▶ **Description of the task**
The records appear below. Set down exactly each line from the one that contains "line L9 (-10, -10)" through the last, both included.

=== Material to process ===

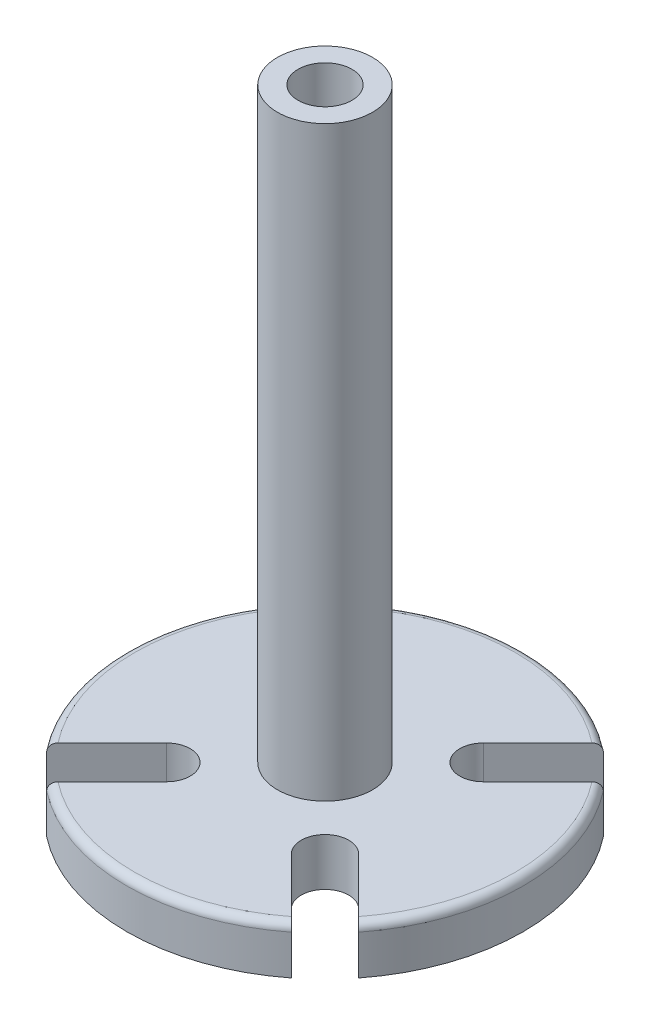
SolidWorks part; units mm, degrees
ref_plane "前视基准面" through (0, 0, 0) normal (0, 0, 1) x (1, 0, 0)
ref_plane "上视基准面" through (0, 0, 0) normal (0, 1, 0) x (1, 0, 0)
ref_plane "右视基准面" through (0, 0, 0) normal (1, 0, 0) x (0, 0, -1)
sketch "草图1" plane through (0, 0, 0) normal (0, 0, 1) x (1, 0, 0)
  line L0 (0, 0) -> (0, 80)
  line L1 (0, 80) -> (-6, 80)
  line L2 (-6, 80) -> (-6, 6)
  line L3 (-6, 6) -> (-25, 6)
  line L4 (-25, 6) -> (-25, 0)
  line L5 (-25, 0) -> (0, 0)
  dimension "D1" = 80
  dimension "D2" = 6
  dimension "D3" = 25
  dimension "D4" = 6
revolve "旋转1" add sketch "草图1" angle 360 about L0
fillet "圆角1" radius 1 1 edges at (0, 6, -25)
hole_wizard "M8 螺纹槽口的螺纹槽口钻头1" positions "草图2" profile "草图4" size "M8" standard "GB" slot yes
sketch "草图2" plane through (0, 80, 0) normal (0, 1, 0) x (1, 0, 0)
  point P0 (0, 0)
sketch "草图4" plane through (0, 80, 0) normal (1, 0, 0) x (0, 0, 1)
  line L0 (0, 0) -> (0, 22.0429)
  line L1 (0, 22.0429) -> (3.4, 20)
  line L2 (3.4, 20) -> (3.4, 0)
  line L5 (3.4, 0) -> (0, 0)
  line L10 (0, 22.0429) -> (-3.4, 20) construction
  line L11 (0, -6.35) -> (0, 107.95) construction
  dimension "孔直径" = 6.8
  dimension "孔深度" = 20
  dimension "导头角度" = 118
sketch "草图5" plane through (0, 6, 0) normal (0, 1, 0) x (1, 0, 0)
  line L0 (10, -10) -> (20.6066, -20.6066) construction
  line L1 (-10, -10) -> (10, -10) construction
  line L2 (-10, -10) -> (-10, 10) construction
  line L3 (-10, 10) -> (10, 10) construction
  line L4 (10, -10) -> (10, 10) construction
  line L5 (-10, -10) -> (10, 10) construction
  line L6 (-10, 10) -> (10, -10) construction
  line L7 (12.1213, -7.8787) -> (22.7279, -18.4853)
  line L8 (7.8787, -12.1213) -> (18.4853, -22.7279)
  line L9 (-10, -10) -> (-20.6066, -20.6066) construction
  line L10 (-7.8787, -12.1213) -> (-18.4853, -22.7279)
  line L11 (-12.1213, -7.8787) -> (-22.7279, -18.4853)
  line L12 (-10, 10) -> (-20.6066, 20.6066) construction
  line L13 (-12.1213, 7.8787) -> (-22.7279, 18.4853)
  line L14 (-7.8787, 12.1213) -> (-18.4853, 22.7279)
  line L15 (10, 10) -> (20.6066, 20.6066) construction
  line L16 (7.8787, 12.1213) -> (18.4853, 22.7279)
  line L17 (12.1213, 7.8787) -> (22.7279, 18.4853)
  arc A4 (12.1213, -7.8787) -> (7.8787, -12.1213) centre (10, -10) ccw
  arc A5 (18.4853, -22.7279) -> (22.7279, -18.4853) centre (20.6066, -20.6066) ccw
  arc A6 (-7.8787, -12.1213) -> (-12.1213, -7.8787) centre (-10, -10) ccw
  arc A7 (-22.7279, -18.4853) -> (-18.4853, -22.7279) centre (-20.6066, -20.6066) ccw
  arc A8 (-12.1213, 7.8787) -> (-7.8787, 12.1213) centre (-10, 10) ccw
  arc A9 (-18.4853, 22.7279) -> (-22.7279, 18.4853) centre (-20.6066, 20.6066) ccw
  arc A10 (7.8787, 12.1213) -> (12.1213, 7.8787) centre (10, 10) ccw
  arc A11 (22.7279, 18.4853) -> (18.4853, 22.7279) centre (20.6066, 20.6066) ccw
  point P0 (0, 0)
  point P6 (15.3033, -15.3033)
  point P15 (0, 0)
  point P17 (-15.3033, -15.3033)
  point P23 (0, 0)
  point P25 (-15.3033, 15.3033)
  point P31 (0, 0)
  point P33 (15.3033, 15.3033)
  point P39 (0, 0)
  dimension "D3" = 3
  dimension "D1" = 20
  dimension "D2" = 20
  dimension "D4" = 15
  dimension "D5" = 4
extrude "切除-拉伸1" cut sketch "草图5" against normal through all

===

▶ **Solution to the problem**
  line L9 (-10, -10) -> (-20.6066, -20.6066) construction
  line L10 (-7.8787, -12.1213) -> (-18.4853, -22.7279)
  line L11 (-12.1213, -7.8787) -> (-22.7279, -18.4853)
  line L12 (-10, 10) -> (-20.6066, 20.6066) construction
  line L13 (-12.1213, 7.8787) -> (-22.7279, 18.4853)
  line L14 (-7.8787, 12.1213) -> (-18.4853, 22.7279)
  line L15 (10, 10) -> (20.6066, 20.6066) construction
  line L16 (7.8787, 12.1213) -> (18.4853, 22.7279)
  line L17 (12.1213, 7.8787) -> (22.7279, 18.4853)
  arc A4 (12.1213, -7.8787) -> (7.8787, -12.1213) centre (10, -10) ccw
  arc A5 (18.4853, -22.7279) -> (22.7279, -18.4853) centre (20.6066, -20.6066) ccw
  arc A6 (-7.8787, -12.1213) -> (-12.1213, -7.8787) centre (-10, -10) ccw
  arc A7 (-22.7279, -18.4853) -> (-18.4853, -22.7279) centre (-20.6066, -20.6066) ccw
  arc A8 (-12.1213, 7.8787) -> (-7.8787, 12.1213) centre (-10, 10) ccw
  arc A9 (-18.4853, 22.7279) -> (-22.7279, 18.4853) centre (-20.6066, 20.6066) ccw
  arc A10 (7.8787, 12.1213) -> (12.1213, 7.8787) centre (10, 10) ccw
  arc A11 (22.7279, 18.4853) -> (18.4853, 22.7279) centre (20.6066, 20.6066) ccw
  point P0 (0, 0)
  point P6 (15.3033, -15.3033)
  point P15 (0, 0)
  point P17 (-15.3033, -15.3033)
  point P23 (0, 0)
  point P25 (-15.3033, 15.3033)
  point P31 (0, 0)
  point P33 (15.3033, 15.3033)
  point P39 (0, 0)
  dimension "D3" = 3
  dimension "D1" = 20
  dimension "D2" = 20
  dimension "D4" = 15
  dimension "D5" = 4
extrude "切除-拉伸1" cut sketch "草图5" against normal through all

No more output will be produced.